## What this task involves
From the data that follows, print exactly the lines starting at the one containing "of L3.end L4.end" and ending at the one containing "about plane through"; include both of them and nothing more.

========================================================================

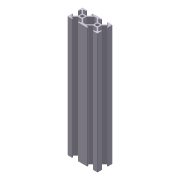
# Autodesk Inventor part: 8020-25-Double
Saved by Autodesk Inventor 2014 (Build 180170000, 170)
## iProperties
Created: 2014-08-06
Part Number: 8020-25-Double
Material: Generic
Document SubType Name: Modeling
Designer: Peele
Density: 1 g/cm^3
Appearance: Default
Author: Peele
Autodesk Inventor part; units mm, degrees
ref_plane "YZ Plane" through (0, 0, 0) normal (1, 0, 0) x (0, 1, 0)
ref_plane "XZ Plane" through (0, 0, 0) normal (0, 1, 0) x (-1, 0, 0)
ref_plane "XY Plane" through (0, 0, 0) normal (0, 0, 1) x (1, 0, 0)
sketch "Sketch1" plane through (0, 0, 0) normal (0, 0, 1) x (1, 0, 0)
  line L0 (-4.38, -4.38) -> (4.38, -4.38)
  line L1 (4.38, -4.38) -> (4.38, 4.38)
  line L2 (4.38, 4.38) -> (-4.38, 4.38)
  line L3 (-4.38, 4.38) -> (-4.38, -4.38)
  line L4 (-4.38, -4.38) -> (4.38, 4.38) construction
  line L5 (4.38, -4.38) -> (-4.38, 4.38) construction
  circle A0 centre (0, 0) radius 2.5
  dimension "d0" = 8.76
  dimension "d1" = 5
  constraints: 12 end point, 2 midpoint, 2 parallel, 2 perpendicular, 1 centre point, 1 coincident, 1 horizontal
  measures "d0" distance of L1.end L2.end
  measures "d1" diameter of A0
extrude "Extrusion1" add sketch "Sketch1" along normal mid plane 200
sketch "Sketch2" plane through (0, 0, 0) normal (0, 0, 1) x (1, 0, 0)
  line L0 (-4.38, 2.8668) -> (-10.36, 8.8468)
  line L1 (-10.36, 8.8468) -> (-10.36, 4.4)
  line L2 (-10.36, 4.4) -> (-12.5, 4.4)
  line L3 (-12.5, 4.4) -> (-12.5, 12.5)
  line L4 (-12.5, 12.5) -> (-4.4, 12.5)
  line L5 (-4.4, 12.5) -> (-4.4, 10.36)
  line L6 (-4.4, 10.36) -> (-8.8468, 10.36)
  line L7 (-8.8468, 10.36) -> (-2.8668, 4.38)
  line L8 (-2.8668, 4.38) -> (-4.38, 2.8668)
  line L9 (-4.38, 4.38) -> (4.38, 4.38) projected
  line L10 (-4.38, -4.38) -> (-4.38, 4.38) projected
  point P0 (0, 0)
  dimension "d4" = 12.5
  dimension "d5" = 2.14
  dimension "d6" = 8.1
  dimension "d7" = 2.14
  constraints: 18 end point, 6 perpendicular, 4 equal length, 2 point on line, 1 parallel, 1 vertical
  measures "d4" distance from line of point (0, 0) L4
  measures "d5" distance between parallel lines of L4 L6
  measures "d6" distance of L3.end L4.end
  measures "d7" distance between parallel lines of L0 L7
extrude "Extrusion2" add sketch "Sketch2" along normal up to surface (200 mm away) from surface at -100 contours L0 L1 L2 L3 L4 L5 L6 L7 L9 L10
pattern_circular "Circular Pattern1" count 4 over 360 about axis through (0, 0, 0) along (0, 0, 1) of "Extrusion2"
mirror "Mirror1" about plane through (12.5, 4.4, 0) normal (1, 0, 0) of "Extrusion2", "Extrusion1", "Circular Pattern1"
sketch "Sketch3" plane through (0, 0, 100) normal (0, 0, 1) x (1, 0, 0)
  line L0 (14.64, 4.4) -> (10.36, 4.4)
  line L1 (10.36, 4.4) -> (10.36, 9.2296)
  line L2 (10.36, 9.2296) -> (14.64, 9.2296)
  line L3 (14.64, 9.2296) -> (14.64, 4.4)
  line L4 (14.64, -4.4) -> (10.36, -4.4)
  line L5 (10.36, -4.4) -> (10.36, -8.8468)
  line L6 (10.36, -8.8468) -> (14.64, -8.8468)
  line L7 (14.64, -8.8468) -> (14.64, -4.4)
  constraints: 16 end point, 4 parallel, 2 horizontal, 2 perpendicular
extrude "Extrusion3" cut sketch "Sketch3" against normal up to next
fillet "Fillet4" radius 1 28 edges at (-10.36, 4.4, 0) (-10.36, -4.4, 0) (-12.5, -4.4, 0) (-12.5, 4.4, 0) (-12.5, 12.5, 0) (-4.4, 12.5, 0) (-4.4, 10.36, 0) (-4.4, -10.36, 0) (-4.4, -12.5, 0) (-12.5, -12.5, 0) (29.4, -10.36, 0) (29.4, -12.5, 0) (29.4, 10.36, 0) (29.4, 12.5, 0) (37.5, -4.4, 0) (35.36, -4.4, 0) (37.5, 12.5, 0) (37.5, -12.5, 0) (37.5, 4.4, 0) (35.36, 4.4, 0) (20.6, 10.36, 0) (20.6, 12.5, 0) (20.6, -12.5, 0) (20.6, -10.36, 0) (4.4, -12.5, 0) (4.4, -10.36, 0) (4.4, 10.36, 0) (4.4, 12.5, 0)
fillet "Fillet5" radius 0.75 16 edges at (-8.8468, -10.36, 0) (-10.36, -8.8468, 0) (8.8468, -10.36, 0) (10.36, -8.8468, 0) (14.64, -8.8468, 0) (16.1532, -10.36, 0) (33.8468, -10.36, 0) (35.36, -8.8468, 0) (33.8468, 10.36, 0) (8.8468, 10.36, 0) (35.36, 8.8468, 0) (16.1532, 10.36, 0) (14.64, 8.8468, 0) (10.36, 8.8468, 0) (-8.8468, 10.36, 0) (-10.36, 8.8468, 0)
fillet "Fillet6" radius 0.75 18 edges at (-4.38, -2.8668, 0) (-4.38, 2.8668, 0) (2.8668, 4.38, 0) (-2.8668, 4.38, 0) (-2.8668, -4.38, 0) (2.8668, -4.38, 0) (4.38, -2.8668, 0) (4.38, 2.8668, 0) (29.38, 2.8668, 0) (29.38, -2.8668, 0) (27.8668, 4.38, 0) (22.1332, 4.38, 0) (20.62, 2.8668, 0) (20.62, -2.8668, 0) (27.8668, -4.38, 0) (22.1332, -4.38, 0) (14.64, 9.2296, 0) (10.36, 9.2296, 0)
fillet "Fillet7" radius 0.75 222 edges at (-12.2071, -12.2071, 100) (-12.5, -8.45, 100) (-12.2071, -4.6929, 100) (-11.43, -4.4, 100) (-10.6529, -4.6929, 100) (-10.36, -6.2181, 100) (-9.897, -7.729, 100) (-6.8397, -5.3265, 100) (-4.4371, -2.8431, 100) (-4.38, 0, 100) (-4.4371, 2.8431, 100) (-6.8397, 5.3265, 100) (-9.897, 7.729, 100) (-10.36, 6.2181, 100) (-10.6529, 4.6929, 100) (-11.43, 4.4, 100) (-12.2071, 4.6929, 100) (-12.5, 8.45, 100) (-12.2071, 12.2071, 100) (-8.45, 12.5, 100) (-4.6929, 12.2071, 100) (-4.4, 11.43, 100) (-4.6929, 10.6529, 100) (-6.2181, 10.36, 100) (-7.729, 9.897, 100) (-5.3265, 6.8397, 100) (-2.8431, 4.4371, 100) (0, 4.38, 100) (2.8431, 4.4371, 100) (5.3265, 6.8397, 100) (7.729, 9.897, 100) (6.2181, 10.36, 100) (4.6929, 10.6529, 100) (4.4, 11.43, 100) (4.6929, 12.2071, 100) (12.5, 12.5, 100) (20.3071, 12.2071, 100) (20.6, 11.43, 100) (20.3071, 10.6529, 100) (18.7819, 10.36, 100) (17.271, 9.897, 100) (19.6735, 6.8397, 100) (22.1569, 4.4371, 100) (25, 4.38, 100) (27.8431, 4.4371, 100) (30.3265, 6.8397, 100) (32.729, 9.897, 100) (31.2181, 10.36, 100) (29.6929, 10.6529, 100) (29.4, 11.43, 100) (29.6929, 12.2071, 100) (33.45, 12.5, 100) (37.2071, 12.2071, 100) (37.5, 8.45, 100) (37.2071, 4.6929, 100) (36.43, 4.4, 100) (35.6529, 4.6929, 100) (35.36, 6.2181, 100) (34.897, 7.729, 100) (31.8397, 5.3265, 100) (29.4371, 2.8431, 100) (29.38, 0, 100) (29.4371, -2.8431, 100) (31.8397, -5.3265, 100) (34.897, -7.729, 100) (35.36, -6.2181, 100) (35.6529, -4.6929, 100) (36.43, -4.4, 100) (37.2071, -4.6929, 100) (37.5, -8.45, 100) (37.2071, -12.2071, 100) (33.45, -12.5, 100) (29.6929, -12.2071, 100) (29.4, -11.43, 100) (29.6929, -10.6529, 100) (31.2181, -10.36, 100) (32.729, -9.897, 100) (30.3265, -6.8397, 100) (27.8431, -4.4371, 100) (25, -4.38, 100) (22.1569, -4.4371, 100) (19.6735, -6.8397, 100) (17.271, -9.897, 100) (18.7819, -10.36, 100) (20.3071, -10.6529, 100) (20.6, -11.43, 100) (20.3071, -12.2071, 100) (12.5, -12.5, 100) (4.6929, -12.2071, 100) (4.4, -11.43, 100) (4.6929, -10.6529, 100) (6.2181, -10.36, 100) (7.729, -9.897, 100) (5.3265, -6.8397, 100) (2.8431, -4.4371, 100) (0, -4.38, 100) (-2.8431, -4.4371, 100) (-5.3265, -6.8397, 100) (-7.729, -9.897, 100) (-6.2181, -10.36, 100) (4.4371, 2.8431, 100) (7.37, 5.8568, 100) (10.2173, 8.7173, 100) (10.5555, 9.1186, 100) (12.5, 9.2296, 100) (14.4445, 9.1186, 100) (14.7827, 8.7173, 100) (17.63, 5.8568, 100) (20.5629, 2.8431, 100) (20.62, 0, 100) (20.5629, -2.8431, 100) (17.63, -5.8568, 100) (14.6164, -8.7897, 100) (12.5, -8.8468, 100) (10.3836, -8.7897, 100) (7.37, -5.8568, 100) (4.4371, -2.8431, 100) (4.38, 0, 100) (-2.5, 0, 100) (27.5, 0, 100) (22.1569, 4.4371, -100) (19.6735, 6.8397, -100) (17.271, 9.897, -100) (18.7819, 10.36, -100) (20.3071, 10.6529, -100) (20.6, 11.43, -100) (20.3071, 12.2071, -100) (12.5, 12.5, -100) (4.6929, 12.2071, -100) (4.4, 11.43, -100) (4.6929, 10.6529, -100) (6.2181, 10.36, -100) (7.729, 9.897, -100) (5.3265, 6.8397, -100) (2.8431, 4.4371, -100) (0, 4.38, -100) (-2.8431, 4.4371, -100) (-5.3265, 6.8397, -100) (-7.729, 9.897, -100) (-6.2181, 10.36, -100) (-4.6929, 10.6529, -100) (-4.4, 11.43, -100) (-4.6929, 12.2071, -100) (-8.45, 12.5, -100) (-12.2071, 12.2071, -100) (-12.5, 8.45, -100) (-12.2071, 4.6929, -100) (-11.43, 4.4, -100) (-10.6529, 4.6929, -100) (-10.36, 6.2181, -100) (-9.897, 7.729, -100) (-6.8397, 5.3265, -100) (-4.4371, 2.8431, -100) (-4.38, 0, -100) (-4.4371, -2.8431, -100) (-6.8397, -5.3265, -100) (-9.897, -7.729, -100) (-10.36, -6.2181, -100) (-10.6529, -4.6929, -100) (-11.43, -4.4, -100) (-12.2071, -4.6929, -100) (-12.5, -8.45, -100) (-12.2071, -12.2071, -100) (-8.45, -12.5, -100) (-4.6929, -12.2071, -100) (-4.4, -11.43, -100) (-4.6929, -10.6529, -100) (-6.2181, -10.36, -100) (-7.729, -9.897, -100) (-5.3265, -6.8397, -100) (-2.8431, -4.4371, -100) (0, -4.38, -100) (2.8431, -4.4371, -100) (5.3265, -6.8397, -100) (7.729, -9.897, -100) (6.2181, -10.36, -100) (4.6929, -10.6529, -100) (4.4, -11.43, -100) (4.6929, -12.2071, -100) (12.5, -12.5, -100) (20.3071, -12.2071, -100) (20.6, -11.43, -100) (20.3071, -10.6529, -100) (18.7819, -10.36, -100) (17.271, -9.897, -100) (19.6735, -6.8397, -100) (22.1569, -4.4371, -100) (25, -4.38, -100) (27.8431, -4.4371, -100) (30.3265, -6.8397, -100) (32.729, -9.897, -100) (31.2181, -10.36, -100) (29.6929, -10.6529, -100) (29.4, -11.43, -100) (29.6929, -12.2071, -100) (33.45, -12.5, -100) (37.2071, -12.2071, -100) (37.5, -8.45, -100) (37.2071, -4.6929, -100) (36.43, -4.4, -100) (35.6529, -4.6929, -100) (35.36, -6.2181, -100) (34.897, -7.729, -100) (31.8397, -5.3265, -100) (29.4371, -2.8431, -100) (29.38, 0, -100) (29.4371, 2.8431, -100) (31.8397, 5.3265, -100) (34.897, 7.729, -100) (35.36, 6.2181, -100) (35.6529, 4.6929, -100) (36.43, 4.4, -100) (37.2071, 4.6929, -100) (37.5, 8.45, -100) (37.2071, 12.2071, -100) (33.45, 12.5, -100) (29.6929, 12.2071, -100) (29.4, 11.43, -100) (29.6929, 10.6529, -100) (31.2181, 10.36, -100) (27.5, 0, -100) (-2.5, 0, -100)
fillet "Fillet8" radius 0.75 18 edges at (20.5629, -2.8431, -100) (17.63, -5.8568, -100) (14.6164, -8.7897, -100) (12.5, -8.8468, -100) (10.3836, -8.7897, -100) (7.37, -5.8568, -100) (4.4371, -2.8431, -100) (4.38, 0, -100) (4.4371, 2.8431, -100) (7.37, 5.8568, -100) (10.2173, 8.7173, -100) (10.5555, 9.1186, -100) (12.5, 9.2296, -100) (14.4445, 9.1186, -100) (14.7827, 8.7173, -100) (17.63, 5.8568, -100) (20.5629, 2.8431, -100) (20.62, 0, -100)
equation "\"d7\" = d5"
body "Solid1"

========================================================================

## Result
  measures "d6" distance of L3.end L4.end
  measures "d7" distance between parallel lines of L0 L7
extrude "Extrusion2" add sketch "Sketch2" along normal up to surface (200 mm away) from surface at -100 contours L0 L1 L2 L3 L4 L5 L6 L7 L9 L10
pattern_circular "Circular Pattern1" count 4 over 360 about axis through (0, 0, 0) along (0, 0, 1) of "Extrusion2"
mirror "Mirror1" about plane through (12.5, 4.4, 0) normal (1, 0, 0) of "Extrusion2", "Extrusion1", "Circular Pattern1"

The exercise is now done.